Stored data:
==========

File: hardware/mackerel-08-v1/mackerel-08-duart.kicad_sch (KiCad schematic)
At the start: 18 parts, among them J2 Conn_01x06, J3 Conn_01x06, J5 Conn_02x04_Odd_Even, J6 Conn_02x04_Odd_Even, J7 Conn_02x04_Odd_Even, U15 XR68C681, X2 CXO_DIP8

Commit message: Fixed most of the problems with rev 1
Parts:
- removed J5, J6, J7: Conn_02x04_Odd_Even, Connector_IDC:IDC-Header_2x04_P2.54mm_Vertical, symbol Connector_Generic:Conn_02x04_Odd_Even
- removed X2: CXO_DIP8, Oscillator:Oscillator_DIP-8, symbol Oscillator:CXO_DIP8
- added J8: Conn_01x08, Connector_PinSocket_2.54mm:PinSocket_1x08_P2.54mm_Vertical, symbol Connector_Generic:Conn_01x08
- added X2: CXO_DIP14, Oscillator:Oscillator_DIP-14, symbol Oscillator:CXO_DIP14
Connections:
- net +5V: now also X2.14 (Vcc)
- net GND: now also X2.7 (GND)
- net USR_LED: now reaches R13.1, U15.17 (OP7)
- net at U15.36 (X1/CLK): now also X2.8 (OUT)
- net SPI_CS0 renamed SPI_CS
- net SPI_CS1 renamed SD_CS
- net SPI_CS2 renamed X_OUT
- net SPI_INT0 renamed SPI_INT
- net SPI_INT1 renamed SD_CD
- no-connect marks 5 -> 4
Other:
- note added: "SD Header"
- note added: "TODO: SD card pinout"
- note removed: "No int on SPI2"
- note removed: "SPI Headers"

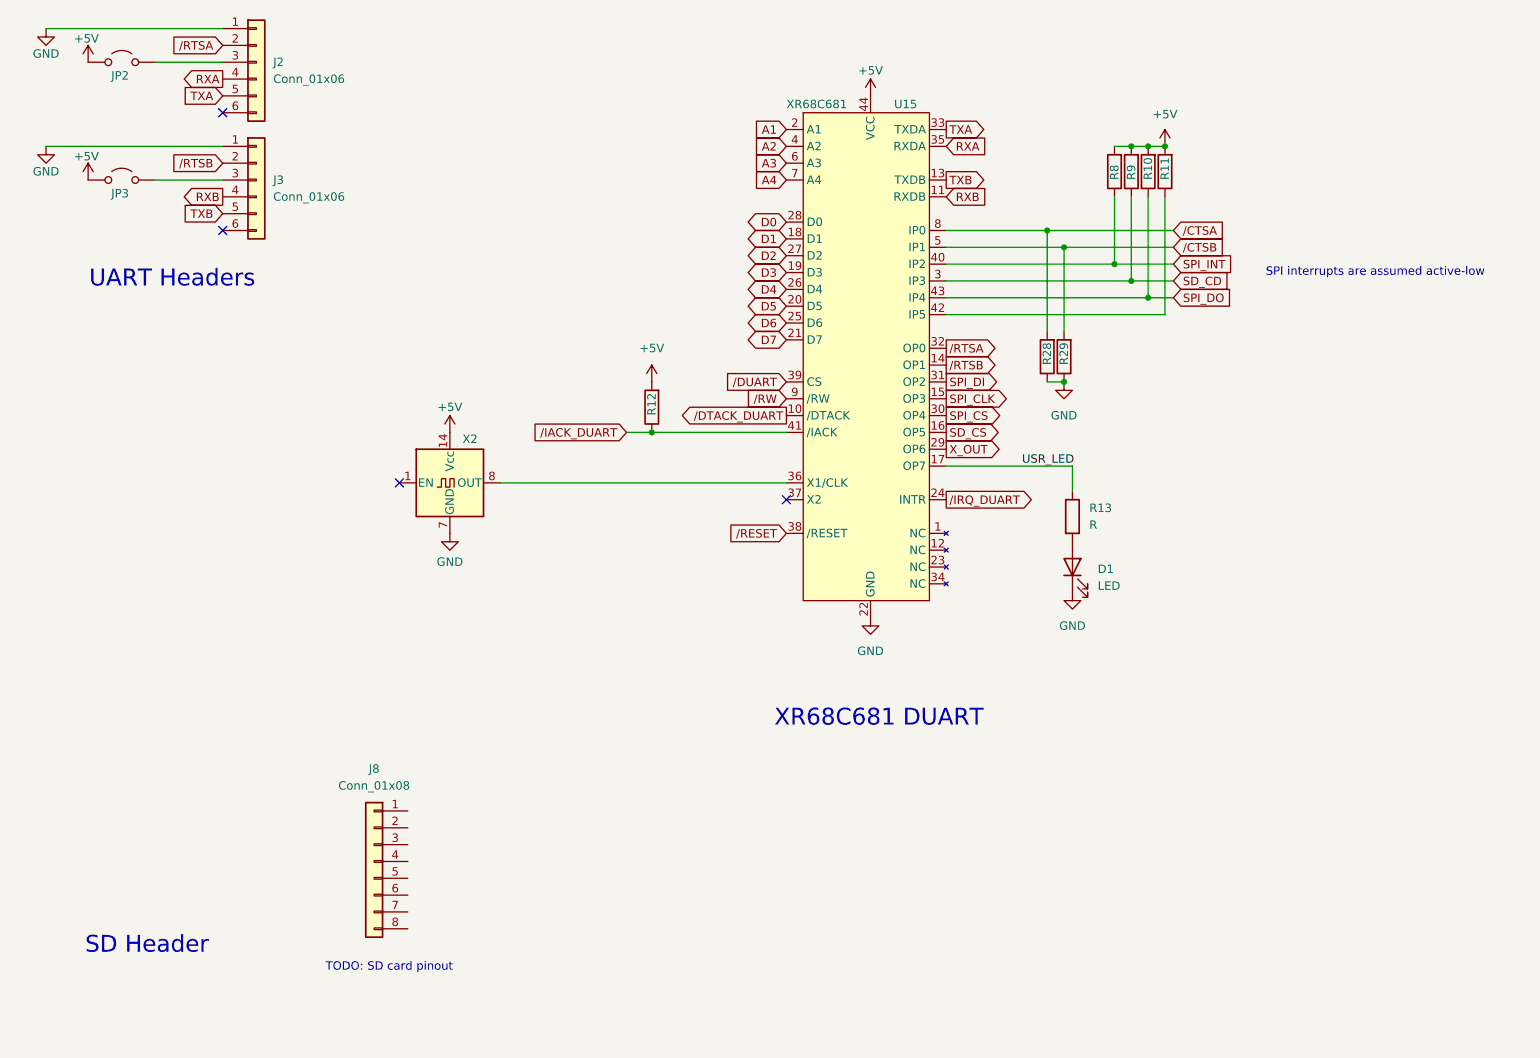
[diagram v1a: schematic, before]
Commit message: Mack-08 1.1 schematic fixes done, needs final routing
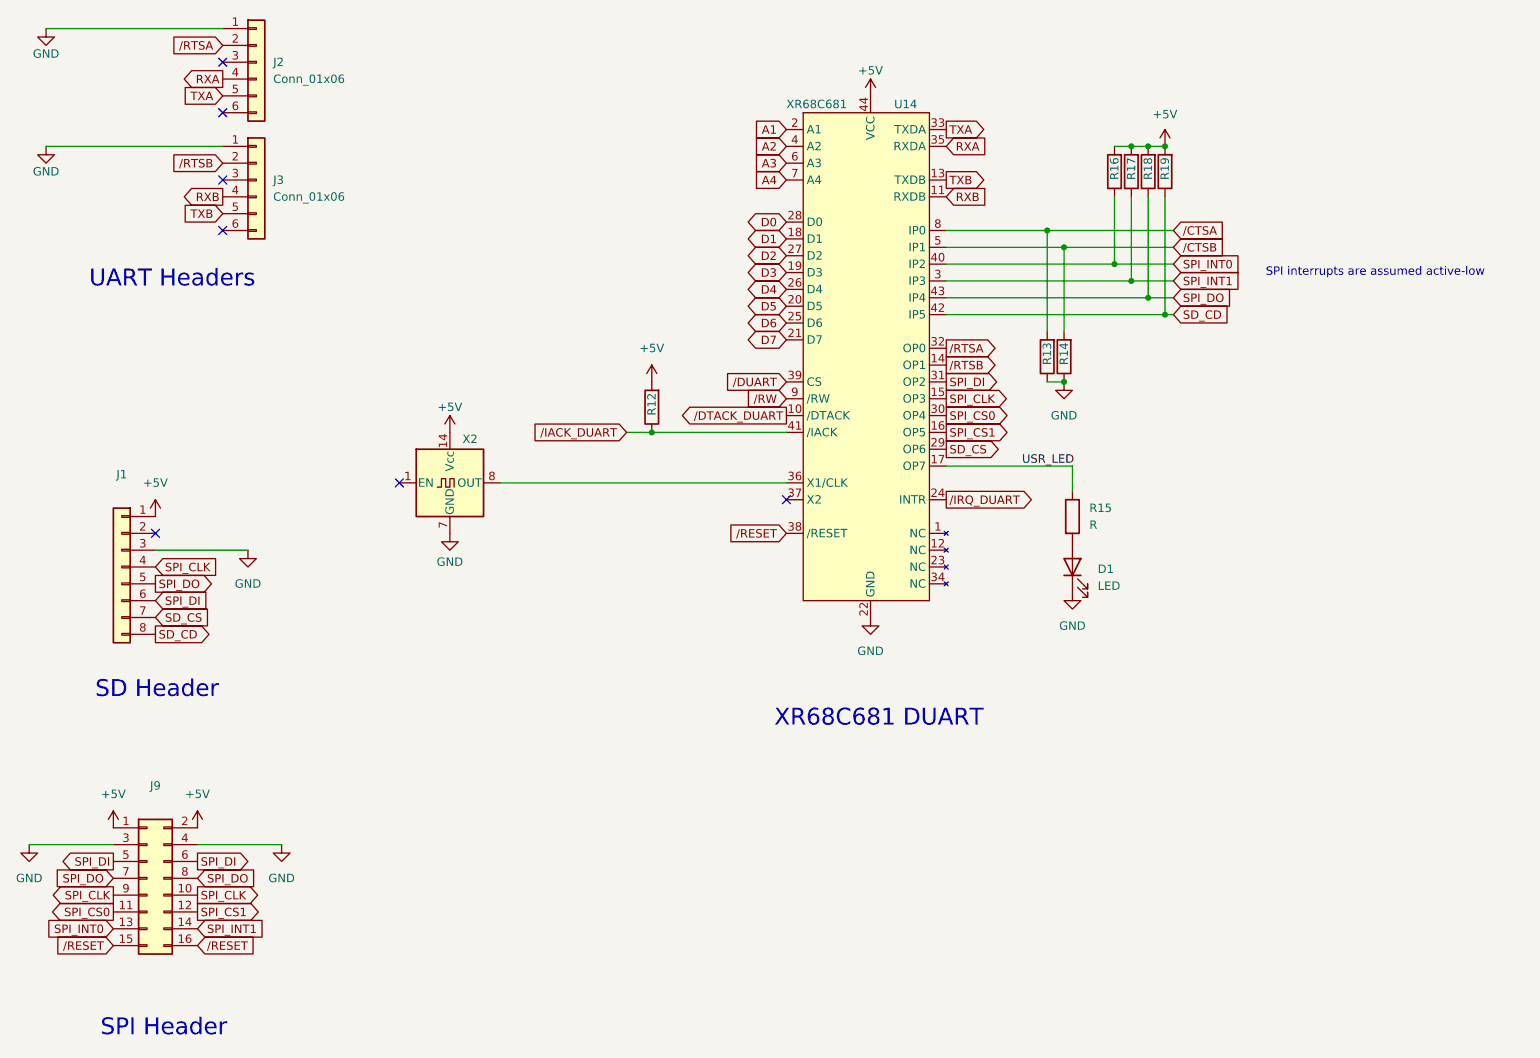
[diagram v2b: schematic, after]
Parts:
- removed J8: Conn_01x08, Connector_PinSocket_2.54mm:PinSocket_1x08_P2.54mm_Vertical, symbol Connector_Generic:Conn_01x08
- removed JP2, JP3: Jumper_2_Open, Connector_PinHeader_2.54mm:PinHeader_1x02_P2.54mm_Vertical, symbol Jumper:Jumper_2_Open
- added J1: Conn_01x08, Connector_PinSocket_2.54mm:PinSocket_1x08_P2.54mm_Vertical, symbol Connector_Generic:Conn_01x08
- added J9: Conn_02x08_Odd_Even, Connector_PinHeader_2.54mm:PinHeader_2x08_P2.54mm_Vertical, symbol Connector_Generic:Conn_02x08_Odd_Even
- renumbered R28 to R13, R29 to R14, R13 to R15, R8 to R16, R9 to R17, R10 to R18, R11 to R19, U15 to U14
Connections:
- net X_OUT is gone; now on net SD_CS: U14.29 (OP6)
- net +5V: now also J1.1 (Pin_1), J9.1 (Pin_1), J9.2 (Pin_2)
- net GND: now also J1.3 (Pin_3), J9.3 (Pin_3), J9.4 (Pin_4)
- net SD_CD: now also R19.1, U14.42 (IP5), J1.8 (Pin_8); no longer R17.1, U14.3 (IP3)
- net SD_CS: now also J1.7 (Pin_7); no longer U14.16 (OP5)
- net SPI_CLK: now also J1.4 (Pin_4), J9.10 (Pin_10), J9.9 (Pin_9)
- net SPI_DI: now also J1.6 (Pin_6), J9.5 (Pin_5), J9.6 (Pin_6)
- net SPI_DO: now also J1.5 (Pin_5), J9.7 (Pin_7), J9.8 (Pin_8)
- net /RESET: now also J9.15 (Pin_15), J9.16 (Pin_16)
- net SPI_CS renamed SPI_CS0
- net SPI_CS0: now also J9.11 (Pin_11)
- net SPI_INT renamed SPI_INT0
- net SPI_INT0: now also J9.13 (Pin_13)
- new net SPI_CS1: J9.12 (Pin_12), U14.16 (OP5)
- new net SPI_INT1: J9.14 (Pin_14), R17.1, U14.3 (IP3)
- no-connect marks 4 -> 7
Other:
- note added: "SPI Header"
- note removed: "TODO: SD card pinout"

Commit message: Mack-08 rev 1.1 routed
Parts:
- R12, R13, R14, R15, R16, R17, R18, R19: footprint Resistor_THT:R_Axial_DIN0207_L6.3mm_D2.5mm_P7.62mm_Horizontal -> Resistor_SMD:R_1206_3216Metric_Pad1.30x1.75mm_HandSolder
- renumbered J9 to J2, J2 to J3, J3 to J4
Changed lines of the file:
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@@
 			)
 		)
-		(property "Footprint" "Resistor_THT:R_Axial_DIN0207_L6.3mm_D2.5mm_P7.62mm_Horizontal"
+		(property "Footprint" "Resistor_SMD:R_1206_3216Metric_Pad1.30x1.75mm_HandSolder"
 			(at 119.888 80.01 90)
 			(effects
@@
 		(dnp no)
 		(fields_autoplaced yes)
-		(property "Reference" "#PWR044"
+		(property "Reference" "#PWR046"
 			(at 151.13 118.11 0)
 			(effects
@@
 			(project "mackerel-08-v1"
 				(path "/d8b1bce0-db11-4fa6-8e54-fcae9a8fcfc2/377dc58c-bf3b-4b5b-9c36-5a4dfaf86cf7"
-					(reference "#PWR044")
+					(reference "#PWR046")
 					(unit 1)
 				)
@@
 		(dnp no)
 		(fields_autoplaced yes)
-		(property "Reference" "#PWR045"
+		(property "Reference" "#PWR047"
 			(at 180.34 82.55 0)
 			(effects
@@
 			(project ""
 				(path "/d8b1bce0-db11-4fa6-8e54-fcae9a8fcfc2/377dc58c-bf3b-4b5b-9c36-5a4dfaf86cf7"
-					(reference "#PWR045")
+					(reference "#PWR047")
 					(unit 1)
 				)
@@
 			)
 		)
-		(property "Footprint" "Resistor_THT:R_Axial_DIN0207_L6.3mm_D2.5mm_P7.62mm_Horizontal"
+		(property "Footprint" "Resistor_SMD:R_1206_3216Metric_Pad1.30x1.75mm_HandSolder"
 			(at 192.278 44.45 90)
 			(effects
@@
 		(dnp no)
 		(fields_autoplaced yes)
-		(property "Reference" "#PWR075"
+		(property "Reference" "#PWR034"
 			(at 24.13 152.4 0)
 			(effects
@@
 			(project "mackerel-08-v1"
 				(path "/d8b1bce0-db11-4fa6-8e54-fcae9a8fcfc2/377dc58c-bf3b-4b5b-9c36-5a4dfaf86cf7"
-					(reference "#PWR075")
+					(reference "#PWR034")
 					(unit 1)
 				)
@@
 			)
 		)
-		(property "Footprint" "Resistor_THT:R_Axial_DIN0207_L6.3mm_D2.5mm_P7.62mm_Horizontal"
+		(property "Footprint" "Resistor_SMD:R_1206_3216Metric_Pad1.30x1.75mm_HandSolder"
 			(at 194.818 44.45 90)
 			(effects
@@
 		(dnp no)
 		(fields_autoplaced yes)
-		(property "Reference" "J3"
+		(property "Reference" "J4"
 			(at 60.96 45.7199 0)
 			(effects
@@
 			(project "mackerel-08-v1"
 				(path "/d8b1bce0-db11-4fa6-8e54-fcae9a8fcfc2/377dc58c-bf3b-4b5b-9c36-5a4dfaf86cf7"
-					(reference "J3")
+					(reference "J4")
 					(unit 1)
 				)
@@
 		(on_board yes)
 		(dnp no)
-		(property "Reference" "#PWR043"
+		(property "Reference" "#PWR045"
 			(at 151.13 36.83 0)
 			(effects
@@
 			(project "mackerel-08-v1"
 				(path "/d8b1bce0-db11-4fa6-8e54-fcae9a8fcfc2/377dc58c-bf3b-4b5b-9c36-5a4dfaf86cf7"
-					(reference "#PWR043")
+					(reference "#PWR045")
 					(unit 1)
 				)
@@
 		(dnp no)
 		(fields_autoplaced yes)
-		(property "Reference" "J9"
+		(property "Reference" "J2"
 			(at 43.18 137.16 0)
 			(effects
@@
 			(project ""
 				(path "/d8b1bce0-db11-4fa6-8e54-fcae9a8fcfc2/377dc58c-bf3b-4b5b-9c36-5a4dfaf86cf7"
-					(reference "J9")
+					(reference "J2")
 					(unit 1)
 				)
@@
 		(dnp no)
 		(fields_autoplaced yes)
-		(property "Reference" "#PWR046"
+		(property "Reference" "#PWR048"
 			(at 181.61 114.3 0)
 			(effects
@@
 			(project "mackerel-08-v1"
 				(path "/d8b1bce0-db11-4fa6-8e54-fcae9a8fcfc2/377dc58c-bf3b-4b5b-9c36-5a4dfaf86cf7"
-					(reference "#PWR046")
+					(reference "#PWR048")
 					(unit 1)
 				)
@@
 			)
 		)
-		(property "Footprint" "Resistor_THT:R_Axial_DIN0207_L6.3mm_D2.5mm_P7.62mm_Horizontal"
+		(property "Footprint" "Resistor_SMD:R_1206_3216Metric_Pad1.30x1.75mm_HandSolder"
 			(at 179.578 72.39 90)
 			(effects
@@
 		(dnp no)
 		(fields_autoplaced yes)
-		(property "Reference" "#PWR076"
+		(property "Reference" "#PWR041"
 			(at 62.23 152.4 0)
 			(effects
@@
 			(project "mackerel-08-v1"
 				(path "/d8b1bce0-db11-4fa6-8e54-fcae9a8fcfc2/377dc58c-bf3b-4b5b-9c36-5a4dfaf86cf7"
-					(reference "#PWR076")
+					(reference "#PWR041")
 					(unit 1)
 				)
@@
 		(on_board yes)
 		(dnp no)
-		(property "Reference" "#PWR041"
+		(property "Reference" "#PWR043"
 			(at 87.63 105.41 0)
 			(effects
@@
 			(project "mackerel-08-v1"
 				(path "/d8b1bce0-db11-4fa6-8e54-fcae9a8fcfc2/377dc58c-bf3b-4b5b-9c36-5a4dfaf86cf7"
-					(reference "#PWR041")
+					(reference "#PWR043")
 					(unit 1)
 				)
@@
 			)
 		)
-		(property "Footprint" "Resistor_THT:R_Axial_DIN0207_L6.3mm_D2.5mm_P7.62mm_Horizontal"
+		(property "Footprint" "Resistor_SMD:R_1206_3216Metric_Pad1.30x1.75mm_HandSolder"
 			(at 182.118 72.39 90)
 			(effects
@@
 		(on_board yes)
 		(dnp no)
-		(property "Reference" "#PWR035"
+		(property "Reference" "#PWR036"
 			(at 26.67 46.99 0)
 			(effects
@@
 			(project "mackerel-08-v1"
 				(path "/d8b1bce0-db11-4fa6-8e54-fcae9a8fcfc2/377dc58c-bf3b-4b5b-9c36-5a4dfaf86cf7"
-					(reference "#PWR035")
+					(reference "#PWR036")
 					(unit 1)
 				)
@@
 			)
 		)
-		(property "Footprint" "Resistor_THT:R_Axial_DIN0207_L6.3mm_D2.5mm_P7.62mm_Horizontal"
+		(property "Footprint" "Resistor_SMD:R_1206_3216Metric_Pad1.30x1.75mm_HandSolder"
 			(at 197.358 44.45 90)
 			(effects
@@
 			)
 		)
-		(property "Footprint" "Resistor_THT:R_Axial_DIN0207_L6.3mm_D2.5mm_P7.62mm_Horizontal"
+		(property "Footprint" "Resistor_SMD:R_1206_3216Metric_Pad1.30x1.75mm_HandSolder"
 			(at 189.738 44.45 90)
 			(effects
@@
 		(on_board yes)
 		(dnp no)
-		(property "Reference" "#PWR040"
+		(property "Reference" "#PWR042"
 			(at 87.63 87.63 0)
 			(effects
@@
 			(project "mackerel-08-v1"
 				(path "/d8b1bce0-db11-4fa6-8e54-fcae9a8fcfc2/377dc58c-bf3b-4b5b-9c36-5a4dfaf86cf7"
-					(reference "#PWR040")
+					(reference "#PWR042")
 					(unit 1)
 				)
@@
 		(dnp no)
 		(fields_autoplaced yes)
-		(property "Reference" "#PWR069"
+		(property "Reference" "#PWR037"
 			(at 36.83 147.32 0)
 			(effects
@@
 			(project ""
 				(path "/d8b1bce0-db11-4fa6-8e54-fcae9a8fcfc2/377dc58c-bf3b-4b5b-9c36-5a4dfaf86cf7"
-					(reference "#PWR069")
+					(reference "#PWR037")
 					(unit 1)
 				)
@@
 			)
 		)
-		(property "Footprint" "Resistor_THT:R_Axial_DIN0207_L6.3mm_D2.5mm_P7.62mm_Horizontal"
+		(property "Footprint" "Resistor_SMD:R_1206_3216Metric_Pad1.30x1.75mm_HandSolder"
 			(at 179.832 96.52 90)
 			(effects
@@
 		(dnp no)
 		(fields_autoplaced yes)
-		(property "Reference" "#PWR039"
+		(property "Reference" "#PWR040"
 			(at 57.15 107.95 0)
 			(effects
@@
 			(project "mackerel-08-v1"
 				(path "/d8b1bce0-db11-4fa6-8e54-fcae9a8fcfc2/377dc58c-bf3b-4b5b-9c36-5a4dfaf86cf7"
-					(reference "#PWR039")
+					(reference "#PWR040")
 					(unit 1)
 				)
@@
 		(dnp no)
 		(fields_autoplaced yes)
-		(property "Reference" "#PWR047"
+		(property "Reference" "#PWR049"
 			(at 195.58 44.45 0)
 			(effects
@@
 			(project "mackerel-08-v1"
 				(path "/d8b1bce0-db11-4fa6-8e54-fcae9a8fcfc2/377dc58c-bf3b-4b5b-9c36-5a4dfaf86cf7"
-					(reference "#PWR047")
+					(reference "#PWR049")
 					(unit 1)
 				)
@@
 		(dnp no)
 		(fields_autoplaced yes)
-		(property "Reference" "#PWR042"
+		(property "Reference" "#PWR044"
 			(at 118.11 80.01 0)
 			(effects
@@
 			(project "mackerel-08-v1"
 				(path "/d8b1bce0-db11-4fa6-8e54-fcae9a8fcfc2/377dc58c-bf3b-4b5b-9c36-5a4dfaf86cf7"
-					(reference "#PWR042")
+					(reference "#PWR044")
 					(unit 1)
 				)
@@
 		(dnp no)
 		(fields_autoplaced yes)
-		(property "Reference" "J2"
+		(property "Reference" "J3"
 			(at 60.96 27.9399 0)
 			(effects
@@
 			(project ""
 				(path "/d8b1bce0-db11-4fa6-8e54-fcae9a8fcfc2/377dc58c-bf3b-4b5b-9c36-5a4dfaf86cf7"
-					(reference "J2")
+					(reference "J3")
 					(unit 1)
 				)
@@
 		(dnp no)
 		(fields_autoplaced yes)
-		(property "Reference" "#PWR070"
+		(property "Reference" "#PWR039"
 			(at 49.53 147.32 0)
 			(effects
@@
 			(project "mackerel-08-v1"
 				(path "/d8b1bce0-db11-4fa6-8e54-fcae9a8fcfc2/377dc58c-bf3b-4b5b-9c36-5a4dfaf86cf7"
-					(reference "#PWR070")
+					(reference "#PWR039")
 					(unit 1)
 				)
@@
 		(on_board yes)
 		(dnp no)
-		(property "Reference" "#PWR034"
+		(property "Reference" "#PWR035"
 			(at 26.67 29.21 0)
 			(effects
@@
 			(project ""
 				(path "/d8b1bce0-db11-4fa6-8e54-fcae9a8fcfc2/377dc58c-bf3b-4b5b-9c36-5a4dfaf86cf7"
-					(reference "#PWR034")
-					(unit 1)
-				)
+					(reference "#PWR035")
+					(unit 1)
+				)

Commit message: Mackerel-08 v1.1 release
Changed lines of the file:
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@@
 	(wire
 		(pts
-			(xy 26.67 40.64) (xy 53.34 40.64)
+			(xy 40.64 40.64) (xy 53.34 40.64)
 		)
 		(stroke
@@
 	(wire
 		(pts
-			(xy 26.67 22.86) (xy 53.34 22.86)
+			(xy 40.64 22.86) (xy 53.34 22.86)
 		)
 		(stroke
@@
 	(symbol
 		(lib_id "power:GND")
-		(at 26.67 40.64 0)
+		(at 40.64 40.64 0)
 		(unit 1)
 		(exclude_from_sim no)
@@
 		(dnp no)
 		(property "Reference" "#PWR036"
-			(at 26.67 46.99 0)
+			(at 40.64 46.99 0)
 			(effects
 				(font
@@
 		)
 		(property "Value" "GND"
-			(at 26.67 44.45 0)
+			(at 40.64 44.45 0)
 			(effects
 				(font
@@
 		)
 		(property "Footprint" ""
-			(at 26.67 40.64 0)
+			(at 40.64 40.64 0)
 			(effects
 				(font
@@
 		)
 		(property "Datasheet" ""
-			(at 26.67 40.64 0)
+			(at 40.64 40.64 0)
 			(effects
 				(font
@@
 		)
 		(property "Description" "Power symbol creates a global label with name \"GND\" , ground"
-			(at 26.67 40.64 0)
+			(at 40.64 40.64 0)
 			(effects
 				(font
@@
 	(symbol
 		(lib_id "power:GND")
-		(at 26.67 22.86 0)
+		(at 40.64 22.86 0)
 		(unit 1)
 		(exclude_from_sim no)
@@
 		(dnp no)
 		(property "Reference" "#PWR035"
-			(at 26.67 29.21 0)
+			(at 40.64 29.21 0)
 			(effects
 				(font
@@
 		)
 		(property "Value" "GND"
-			(at 26.67 26.67 0)
+			(at 40.64 26.67 0)
 			(effects
 				(font
@@
 		)
 		(property "Footprint" ""
-			(at 26.67 22.86 0)
+			(at 40.64 22.86 0)
 			(effects
 				(font
@@
 		)
 		(property "Datasheet" ""
-			(at 26.67 22.86 0)
+			(at 40.64 22.86 0)
 			(effects
 				(font
@@
 		)
 		(property "Description" "Power symbol creates a global label with name \"GND\" , ground"
-			(at 26.67 22.86 0)
+			(at 40.64 22.86 0)
 			(effects
 				(font

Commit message: Mackerel-08 rev 1.1 release
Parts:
- removed J2: Conn_02x08_Odd_Even, Connector_PinHeader_2.54mm:PinHeader_2x08_P2.54mm_Vertical, symbol Connector_Generic:Conn_02x08_Odd_Even
- added J2: Conn_02x09_Odd_Even, Connector_PinHeader_2.54mm:PinHeader_2x09_P2.54mm_Vertical, symbol Connector_Generic:Conn_02x09_Odd_Even
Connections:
- net +5V: now also J2.1 (Pin_1), J2.2 (Pin_2)
- net GND: now also J2.5 (Pin_5), J2.6 (Pin_6)
- net SPI_CLK: now also J2.11 (Pin_11), J2.12 (Pin_12)
- net SPI_CS0: now also J2.13 (Pin_13)
- net SPI_CS1: now also J2.14 (Pin_14)
- net SPI_DI: now also J2.7 (Pin_7), J2.8 (Pin_8)
- net SPI_DO: now also J2.10 (Pin_10), J2.9 (Pin_9)
- net SPI_INT0: now also J2.15 (Pin_15)
- net SPI_INT1: now also J2.16 (Pin_16)
- net /RESET: now also J2.17 (Pin_17), J2.18 (Pin_18)
- new net +3.3V: J2.3 (Pin_3), J2.4 (Pin_4)

==========

Work task: Start at the first line of the entries and stop at the line that contains "At the start: 18". Repeat every line in that span exactly, and nothing beyond it.

Completed exercise:
File: hardware/mackerel-08-v1/mackerel-08-duart.kicad_sch (KiCad schematic)
At the start: 18 parts, among them J2 Conn_01x06, J3 Conn_01x06, J5 Conn_02x04_Odd_Even, J6 Conn_02x04_Odd_Even, J7 Conn_02x04_Odd_Even, U15 XR68C681, X2 CXO_DIP8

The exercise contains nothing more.